A single guarded light burned inside the warm, horse-smelling dark. He went down the aisle until he found the stall the stableboy used for his cot, and there he gathered up his courage, took a deep breath, and roused the boy out.

“My horse and my servant’s,” he said to the boy, lordlike, trying to keep a steady voice, and showed the duke’s ring on his ungloved hand. “I’m Elfwyn Aswydd. This is His Grace’s ring.”

The boy might never have seen the duke’s ring, or know what it permitted, but it was silver, it was bright in the shadow, and Aswydds ruled in Amefel. The boy looked doubtful, and afraid, then rubbed his eyes and moved, not sluggardly, despite being roused out of bed and with his shirt hanging.

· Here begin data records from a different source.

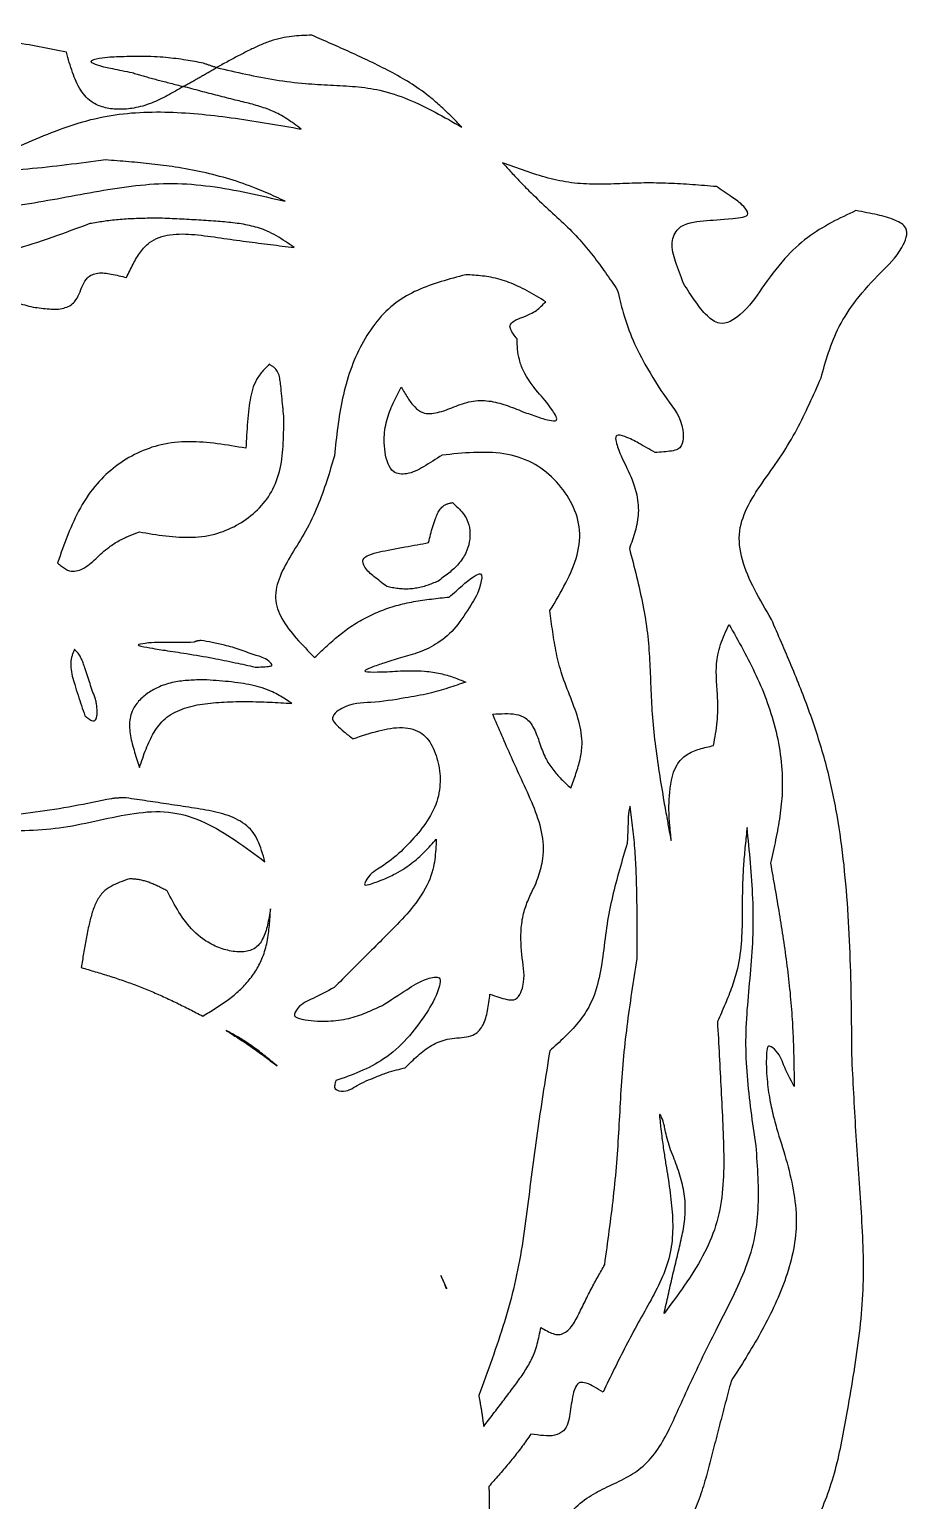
# Model space of a CAD drawing. Extents: x 24 to 174, y -3 to 159.
# Drawn here: x 110.3 to 173.6, y 52.5 to 158.5 of the extents above; entities that cross this region are included whole.
import ezdxf

# ---------------------------------------------------------------- set-up
doc = ezdxf.new("R2010")
doc.units = 0
doc.layers.add('Capa_1', color=7, linetype='CONTINUOUS')

msp = doc.modelspace()

# ---------------------------------------------------------------- linework, layer by layer
at = {"layer": 'Capa_1', "color": 7}
for p, q in [((123.774287, 155.735086), (123.774287, 155.735086)), ((121.382014, 154.379096), (121.382014, 154.379096)), ((144.388086, 148.887339), (144.388086, 148.887339)), ((119.709627, 144.892681), (119.709627, 144.892681)), ((141.736188, 140.816444), (141.736188, 140.816444)), ((127.578776, 134.360061), (127.578776, 134.360061)), ((140.776523, 124.403458), (140.776523, 124.403458)), ((113.533259, 113.823432), (113.533259, 113.823432)), ((122.663037, 114.456228), (122.663037, 114.456228)), ((122.865885, 111.631799), (122.865885, 111.631799)), ((118.006924, 105.960896), (118.229064, 105.313219)), ((117.264987, 103.116627), (117.264987, 103.116627)), ((153.583459, 102.511943), (153.583459, 102.511943)), ((162.010437, 100.994999), (162.010437, 100.994999)), ((117.499805, 97.285871), (117.499805, 97.285871)), ((124.475985, 86.356925), (124.475985, 86.356925)), ((139.930409, 68.70095), (139.930409, 68.70095))]:
    msp.add_line(p, q, dxfattribs=at)
for points, knots in [([(112.958341, 156.844132), (112.307377, 156.977802), (111.007386, 157.244744), (109.049542, 157.588515), (107.005166, 157.826165), (104.874712, 157.875928), (102.671695, 157.835966), (100.467018, 157.824988), (98.267854, 157.963956), (96.079136, 158.202509), (94.623413, 158.394538), (93.895113, 158.490611)], [0, 0, 0, 0, 1.993594, 3.98125, 5.962031, 8.16127, 10.367679, 12.573427, 14.772644, 16.973781, 19.177576, 19.177576, 19.177576, 19.177576]), ([(130.645188, 158.072239), (130.399831, 158.064303), (129.910524, 158.048476), (129.180099, 157.996053), (128.426749, 157.880685), (127.66308, 157.659643), (126.893855, 157.351614), (126.123168, 156.985902), (125.344381, 156.588207), (124.556343, 156.165244), (124.034808, 155.878382), (123.774287, 155.735086)], [0, 0, 0, 0, 0.73643, 1.468634, 2.19589, 3.018352, 3.847222, 4.679401, 5.576727, 6.470403, 7.362393, 7.362393, 7.362393, 7.362393]), ([(141.462785, 151.448836), (141.202297, 151.712707), (140.682112, 152.239648), (139.881519, 153.007003), (138.91007, 153.839182), (137.712966, 154.665482), (136.295097, 155.467313), (134.86128, 156.175609), (133.441786, 156.835918), (132.044827, 157.459906), (131.111518, 157.868223), (130.645188, 158.072239)], [0, 0, 0, 0, 1.11234, 2.221299, 3.326083, 4.946278, 6.575357, 8.209095, 9.742758, 11.271901, 12.798919, 12.798919, 12.798919, 12.798919]), ([(121.382014, 154.379096), (121.0092, 154.158563), (120.264121, 153.717821), (119.087149, 153.145624), (117.90989, 152.801158), (116.783454, 152.703592), (115.781416, 152.803276), (114.743952, 153.18488), (113.897793, 154.117768), (113.358746, 155.41924), (113.09523, 156.356996), (112.958341, 156.844132)], [0, 0, 0, 0, 1.299376, 2.596836, 3.916626, 4.953394, 5.970042, 6.920621, 8.19964, 9.603874, 11.121901, 11.121901, 11.121901, 11.121901]), ([(122.83998, 156.05424), (122.415959, 156.134683), (121.519993, 156.30466), (120.029985, 156.493089), (118.442772, 156.571437), (116.720699, 156.505204), (115.775928, 156.495986), (114.447282, 156.208836), (115.493098, 155.806699), (116.323118, 155.665222), (117.202007, 155.481288), (117.696036, 155.377897)], [0, 0, 0, 0, 1.295661, 2.737765, 4.481604, 6.150629, 7.569469, 8.192219, 8.698916, 9.830667, 11.283448, 11.283448, 11.283448, 11.283448]), ([(123.774287, 155.735086), (123.740148, 155.746188), (123.671871, 155.768393), (123.569502, 155.801843), (123.466651, 155.835767), (123.36337, 155.870316), (123.259685, 155.905562), (123.155438, 155.941639), (123.05066, 155.978628), (122.945281, 156.016324), (122.87508, 156.041601), (122.83998, 156.05424)], [0, 0, 0, 0, 0.107696, 0.215391, 0.323087, 0.432598, 0.54211, 0.65162, 0.763537, 0.875455, 0.987374, 0.987374, 0.987374, 0.987374]), ([(117.696036, 155.377897), (117.812526, 155.342584), (118.045499, 155.27196), (118.395369, 155.167426), (118.767317, 155.059527), (119.161996, 154.950614), (119.57917, 154.840037), (120.011497, 154.728273), (120.458544, 154.613756), (120.920239, 154.496246), (121.22809, 154.418146), (121.382014, 154.379096)], [0, 0, 0, 0, 0.365174, 0.730327, 1.095453, 1.527, 1.958582, 2.390183, 2.866615, 3.343026, 3.819426, 3.819426, 3.819426, 3.819426]), ([(121.382014, 154.379096), (121.469782, 154.428003), (121.645316, 154.525817), (121.90842, 154.672893), (122.172572, 154.821489), (122.437561, 154.971979), (122.703622, 155.123938), (122.970262, 155.276505), (123.237731, 155.429233), (123.505987, 155.582199), (123.684854, 155.684124), (123.774287, 155.735086)], [0, 0, 0, 0, 0.301423, 0.602844, 0.904262, 1.21066, 1.51706, 1.823461, 2.132265, 2.441069, 2.749872, 2.749872, 2.749872, 2.749872]), ([(123.774287, 155.735086), (124.480231, 155.575454), (125.891879, 155.256245), (128.024928, 154.842205), (130.061595, 154.575955), (131.988749, 154.485456), (133.781877, 154.394094), (135.675145, 154.13755), (137.609076, 153.491792), (139.558878, 152.535862), (140.825015, 151.812968), (141.462785, 151.448836)], [0, 0, 0, 0, 2.171241, 4.341748, 6.516932, 8.325507, 10.127213, 11.904354, 14.038001, 16.208492, 18.411468, 18.411468, 18.411468, 18.411468]), ([(129.878997, 151.307172), (129.709725, 151.434106), (129.372083, 151.687297), (128.854803, 152.048901), (128.17838, 152.45651), (127.297422, 152.827642), (126.222525, 153.140287), (125.072909, 153.413959), (123.872596, 153.717003), (122.624579, 154.045423), (121.795786, 154.267983), (121.382014, 154.379096)], [0, 0, 0, 0, 0.634716, 1.266052, 1.892793, 3.0006, 4.120952, 5.248619, 6.545635, 7.834805, 9.1201, 9.1201, 9.1201, 9.1201]), ([(108.836906, 149.773692), (109.57397, 150.097845), (111.042482, 150.743681), (113.280702, 151.604647), (115.583082, 152.242268), (117.953667, 152.535963), (120.346649, 152.562697), (122.746383, 152.396552), (125.13664, 152.104219), (127.513798, 151.726591), (129.091014, 151.446904), (129.878997, 151.307172)], [0, 0, 0, 0, 2.415465, 4.812524, 7.189432, 9.562162, 11.955983, 14.358869, 16.773439, 19.178073, 21.578894, 21.578894, 21.578894, 21.578894]), ([(115.778909, 149.087429), (114.844942, 148.963996), (112.978309, 148.717301), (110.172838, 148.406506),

He couldn’t seem a lord and saddle his own horse. That was the difficulty in his plan, that he had to stand and wait, all the while dreading the approach of the guards, who might already have caught Paisi in the kitchens. Sorcery bent things. It moved a breeze to move a leaf to attract attention or sent a wayward thought to turn a guard’s head, and his mother had stopped raging, now and gotten down to other means, the subtler, distant ways he was sure she had used to damn him in Guelessar… she was down to sorcery, now. And how did he even hope he could outride her intent to have this thing, or steal this little book out of her grasp?